LC-RNN: A Deep Learning Model for Traffic Speed Prediction

Authors: Zhongjian Lv, Jiajie Xu, Kai Zheng, Hongzhi Yin, Pengpeng Zhao, Xiaofang Zhou

IJCAI 2018 | Conference PDF | Archive PDF | Plain Text | LLM Run Details

Reproducibility Variable Result LLM Response
Research Type Experimental Extensive experiments on two real datasets demonstrate that our proposed LC-RNN outperforms seven well-known existing methods.
Researcher Affiliation Collaboration Zhongjian Lv1, Jiajie Xu1,2,3 , Kai Zheng4 , Hongzhi Yin5 , Pengpeng Zhao1, Xiaofang Zhou5,1 1 School of Computer Science and Technology, Soochow University, China 2 Provincial Key Laboratory for Computer Information Processing Technology, Soochow University 3 State Key Laboratory of Software Architecture (Neusoft Corporation), China 4 University of Electronic Science and Technology, China 5 The University of Queensland, Australia
Pseudocode No The paper describes the model and its components but does not contain structured pseudocode or algorithm blocks.
Open Source Code No The paper does not provide concrete access to source code for the methodology described.
Open Datasets No The paper describes two datasets, Beijing and Shanghai, which were collected from trajectory data.
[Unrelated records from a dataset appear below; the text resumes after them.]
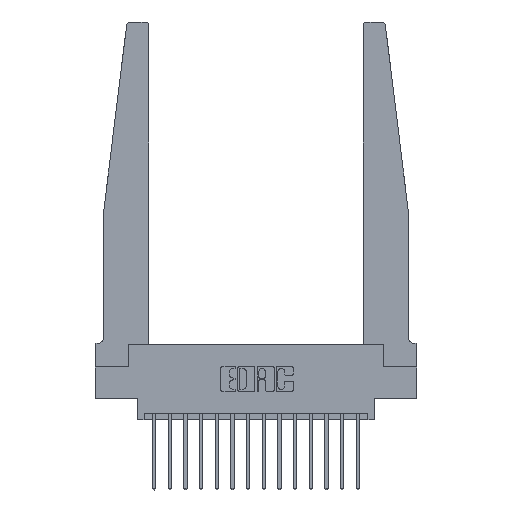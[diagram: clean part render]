
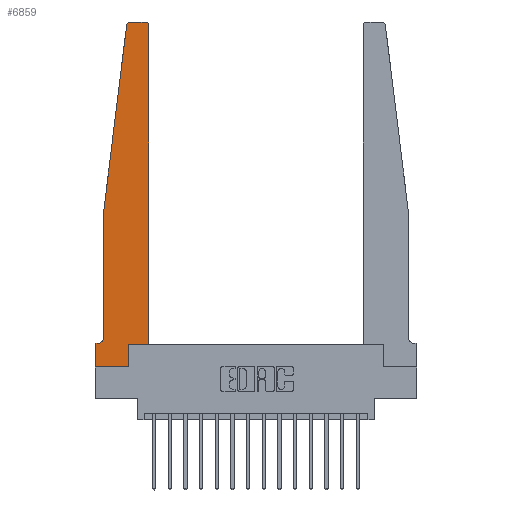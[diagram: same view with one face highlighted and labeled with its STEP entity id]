
A CAD part, top view. The second image highlights one B-rep face of the part: STEP entity #6859.
In plain terms, the highlighted planar face has unit normal (0, 0, 1).
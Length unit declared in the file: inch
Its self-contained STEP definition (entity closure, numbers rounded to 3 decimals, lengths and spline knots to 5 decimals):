
#228 = DIRECTION ( 'NONE',  ( 0., 0., 1. ) ) ;
#318 = DIRECTION ( 'NONE',  ( 0., 0., 1. ) ) ;
#599 = EDGE_CURVE ( 'NONE', #13094, #13233, #4200, .T. ) ;
#1065 = ORIENTED_EDGE ( 'NONE', *, *, #12298, .T. ) ;
#1302 = CARTESIAN_POINT ( 'NONE',  ( 0.425, 0.18, 0.37 ) ) ;
#1439 = CARTESIAN_POINT ( 'NONE',  ( 0.27653, 2.75, 0.37 ) ) ;
#1542 = LINE ( 'NONE', #15798, #8443 ) ;
#1597 = VECTOR ( 'NONE', #6038, 39.37008 ) ;
#1648 = AXIS2_PLACEMENT_3D ( 'NONE', #14470, #6224, #15858 ) ;
#1742 = LINE ( 'NONE', #1302, #8656 ) ;
#1785 = CIRCLE ( 'NONE', #1648, 0.05 ) ;
#1926 = AXIS2_PLACEMENT_3D ( 'NONE', #4308, #228, #9858 ) ;
#1932 = VERTEX_POINT ( 'NONE', #11393 ) ;
#2139 = DIRECTION ( 'NONE',  ( -1., 0., 0. ) ) ;
#2180 = LINE ( 'NONE', #2238, #9072 ) ;
#2190 = CARTESIAN_POINT ( 'NONE',  ( 0.425, 2.72, 0.37 ) ) ;
#2215 = LINE ( 'NONE', #12867, #16005 ) ;
#2238 = CARTESIAN_POINT ( 'NONE',  ( 0., 0., 0.37 ) ) ;
#2285 = VERTEX_POINT ( 'NONE', #6540 ) ;
#2401 = CARTESIAN_POINT ( 'NONE',  ( 0.065, 0.1875, 0.37 ) ) ;
#2655 = CIRCLE ( 'NONE', #4445, 0.03 ) ;
#2728 = EDGE_CURVE ( 'NONE', #16008, #14173, #1542, .T. ) ;
#2776 = VERTEX_POINT ( 'NONE', #3456 ) ;
#3183 = EDGE_CURVE ( 'NONE', #14173, #4392, #2215, .T. ) ;
#3213 = VECTOR ( 'NONE', #2139, 39.37008 ) ;
#3456 = CARTESIAN_POINT ( 'NONE',  ( 0., 0., 0.37 ) ) ;
#3591 = EDGE_LOOP ( 'NONE', ( #17206, #12830, #6185, #7097, #17004, #13767, #12855, #11665, #1065, #14715, #10005, #5435 ) ) ;
#3670 = VECTOR ( 'NONE', #5007, 39.37008 ) ;
#3706 = FACE_OUTER_BOUND ( 'NONE', #3591, .T. ) ;
#4200 = LINE ( 'NONE', #2401, #11071 ) ;
#4223 = EDGE_CURVE ( 'NONE', #2776, #6400, #2180, .T. ) ;
#4308 = CARTESIAN_POINT ( 'NONE',  ( 0., 0.1875, 0.37 ) ) ;
#4392 = VERTEX_POINT ( 'NONE', #15231 ) ;
#4445 = AXIS2_PLACEMENT_3D ( 'NONE', #8558, #318, #9928 ) ;
#4647 = CARTESIAN_POINT ( 'NONE',  ( 0.2605, 0.18, 0.37 ) ) ;
#5007 = DIRECTION ( 'NONE',  ( 0., 1., 0. ) ) ;
#5327 = EDGE_CURVE ( 'NONE', #1932, #12661, #6879, .T. ) ;
#5435 = ORIENTED_EDGE ( 'NONE', *, *, #14279, .T. ) ;
#5478 = CIRCLE ( 'NONE', #8235, 0.03 ) ;
#6038 = DIRECTION ( 'NONE',  ( 0., 1., 0. ) ) ;
#6185 = ORIENTED_EDGE ( 'NONE', *, *, #2728, .T. ) ;
#6188 = EDGE_CURVE ( 'NONE', #12661, #16008, #2655, .T. ) ;
#6224 = DIRECTION ( 'NONE',  ( 0., 0., -1. ) ) ;
#6264 = CARTESIAN_POINT ( 'NONE',  ( 0.2605, 0., 0.37 ) ) ;
#6400 = VERTEX_POINT ( 'NONE', #6264 ) ;
#6540 = CARTESIAN_POINT ( 'NONE',  ( 0.425, 0.18, 0.37 ) ) ;
#6859 = ADVANCED_FACE ( 'NONE', ( #3706 ), #8482, .T. ) ;
#6866 = CARTESIAN_POINT ( 'NONE',  ( 0., 0., 0.37 ) ) ;
#6879 = LINE ( 'NONE', #11761, #3213 ) ;
#6884 = DIRECTION ( 'NONE',  ( 0., 0., 1. ) ) ;
#7097 = ORIENTED_EDGE ( 'NONE', *, *, #3183, .T. ) ;
#8235 = AXIS2_PLACEMENT_3D ( 'NONE', #15130, #6884, #16523 ) ;
#8443 = VECTOR ( 'NONE', #10288, 39.37008 ) ;
#8482 = PLANE ( 'NONE',  #1926 ) ;
#8558 = CARTESIAN_POINT ( 'NONE',  ( 0.27653, 2.72, 0.37 ) ) ;
#8586 = EDGE_CURVE ( 'NONE', #13233, #2776, #13780, .T. ) ;
#8656 = VECTOR ( 'NONE', #12332, 39.37008 ) ;
#9072 = VECTOR ( 'NONE', #10509, 39.37008 ) ;
#9173 = CARTESIAN_POINT ( 'NONE',  ( 0.425, 0.18, 0.37 ) ) ;
#9858 = DIRECTION ( 'NONE',  ( 1., 0., 0. ) ) ;
#9928 = DIRECTION ( 'NONE',  ( 1., 0., 0. ) ) ;
#10005 = ORIENTED_EDGE ( 'NONE', *, *, #17598, .T. ) ;
#10115 = VECTOR ( 'NONE', #15108, 39.37008 ) ;
#10288 = DIRECTION ( 'NONE',  ( -0.122, -0.992, 0. ) ) ;
#10509 = DIRECTION ( 'NONE',  ( 1., 0., 0. ) ) ;
#10619 = CARTESIAN_POINT ( 'NONE',  ( 0.2605, 0.18, 0.37 ) ) ;
#10810 = CARTESIAN_POINT ( 'NONE',  ( 0.015, 0.1875, 0.37 ) ) ;
#11038 = CARTESIAN_POINT ( 'NONE',  ( 0., 0.1875, 0.37 ) ) ;
#11071 = VECTOR ( 'NONE', #14598, 39.37008 ) ;
#11393 = CARTESIAN_POINT ( 'NONE',  ( 0.395, 2.75, 0.37 ) ) ;
#11627 = VERTEX_POINT ( 'NONE', #2190 ) ;
#11665 = ORIENTED_EDGE ( 'NONE', *, *, #4223, .T. ) ;
#11761 = CARTESIAN_POINT ( 'NONE',  ( 0.25, 2.75, 0.37 ) ) ;
#11784 = CARTESIAN_POINT ( 'NONE',  ( 0.24675, 2.72367, 0.37 ) ) ;
#12298 = EDGE_CURVE ( 'NONE', #6400, #13561, #12592, .T. ) ;
#12332 = DIRECTION ( 'NONE',  ( 1., 0., 0. ) ) ;
#12592 = LINE ( 'NONE', #4647, #1597 ) ;
#12661 = VERTEX_POINT ( 'NONE', #1439 ) ;
#12830 = ORIENTED_EDGE ( 'NONE', *, *, #6188, .T. ) ;
#12855 = ORIENTED_EDGE ( 'NONE', *, *, #8586, .T. ) ;
#12867 = CARTESIAN_POINT ( 'NONE',  ( 0.065, 1.25, 0.37 ) ) ;
#13094 = VERTEX_POINT ( 'NONE', #10810 ) ;
#13233 = VERTEX_POINT ( 'NONE', #11038 ) ;
#13503 = CARTESIAN_POINT ( 'NONE',  ( 0.065, 1.25, 0.37 ) ) ;
#13561 = VERTEX_POINT ( 'NONE', #10619 ) ;
#13767 = ORIENTED_EDGE ( 'NONE', *, *, #599, .T. ) ;
#13780 = LINE ( 'NONE', #6866, #10115 ) ;
#14173 = VERTEX_POINT ( 'NONE', #13503 ) ;
#14279 = EDGE_CURVE ( 'NONE', #11627, #1932, #5478, .T. ) ;
#14470 = CARTESIAN_POINT ( 'NONE',  ( 0.015, 0.2375, 0.37 ) ) ;
#14598 = DIRECTION ( 'NONE',  ( -1., 0., 0. ) ) ;
#14661 = LINE ( 'NONE', #9173, #3670 ) ;
#14715 = ORIENTED_EDGE ( 'NONE', *, *, #16302, .T. ) ;
#15108 = DIRECTION ( 'NONE',  ( 0., -1., 0. ) ) ;
#15130 = CARTESIAN_POINT ( 'NONE',  ( 0.395, 2.72, 0.37 ) ) ;
#15231 = CARTESIAN_POINT ( 'NONE',  ( 0.065, 0.2375, 0.37 ) ) ;
#15307 = EDGE_CURVE ( 'NONE', #4392, #13094, #1785, .T. ) ;
#15798 = CARTESIAN_POINT ( 'NONE',  ( 0.065, 1.25, 0.37 ) ) ;
#15858 = DIRECTION ( 'NONE',  ( -1., 0., 0. ) ) ;
#16005 = VECTOR ( 'NONE', #17035, 39.37008 ) ;
#16008 = VERTEX_POINT ( 'NONE', #11784 ) ;
#16302 = EDGE_CURVE ( 'NONE', #13561, #2285, #1742, .T. ) ;
#16523 = DIRECTION ( 'NONE',  ( 1., 0., 0. ) ) ;
#17004 = ORIENTED_EDGE ( 'NONE', *, *, #15307, .T. ) ;
#17035 = DIRECTION ( 'NONE',  ( 0., -1., 0. ) ) ;
#17206 = ORIENTED_EDGE ( 'NONE', *, *, #5327, .T. ) ;
#17598 = EDGE_CURVE ( 'NONE', #2285, #11627, #14661, .T. ) ;

However, it does not provide concrete access information such as a specific link, DOI, repository name, or formal citation for a publicly available or open dataset.
Dataset Splits Yes The data of the first 4 months were used as the training set, and the remaining 1 month as the test set. ... Among the data, the last 15 days are test set and the others are training set. ... We select 90% of the training data for training model, and the remaining 10% is chosen as the validation set with 3 early stopping.
Hardware Specification No The paper does not provide specific hardware details (exact GPU/CPU models, processor types with speeds, or detailed computer specifications) used for running its experiments.
Software Dependencies No The paper mentions using 'adam optimizer' but does not specify software dependencies with version numbers (e.g., Python, PyTorch, TensorFlow versions, or specific library versions).
Experiment Setup Yes We train our network with the following hyper-parameters setting: mini-batch size (48), learning rate (0.0002) with adam optimizer, 1 A filters (32) and 2 A filters (16) in each LC layer. We select 90% of the training data for training model, and the remaining 10% is chosen as the validation set with 3 early stopping.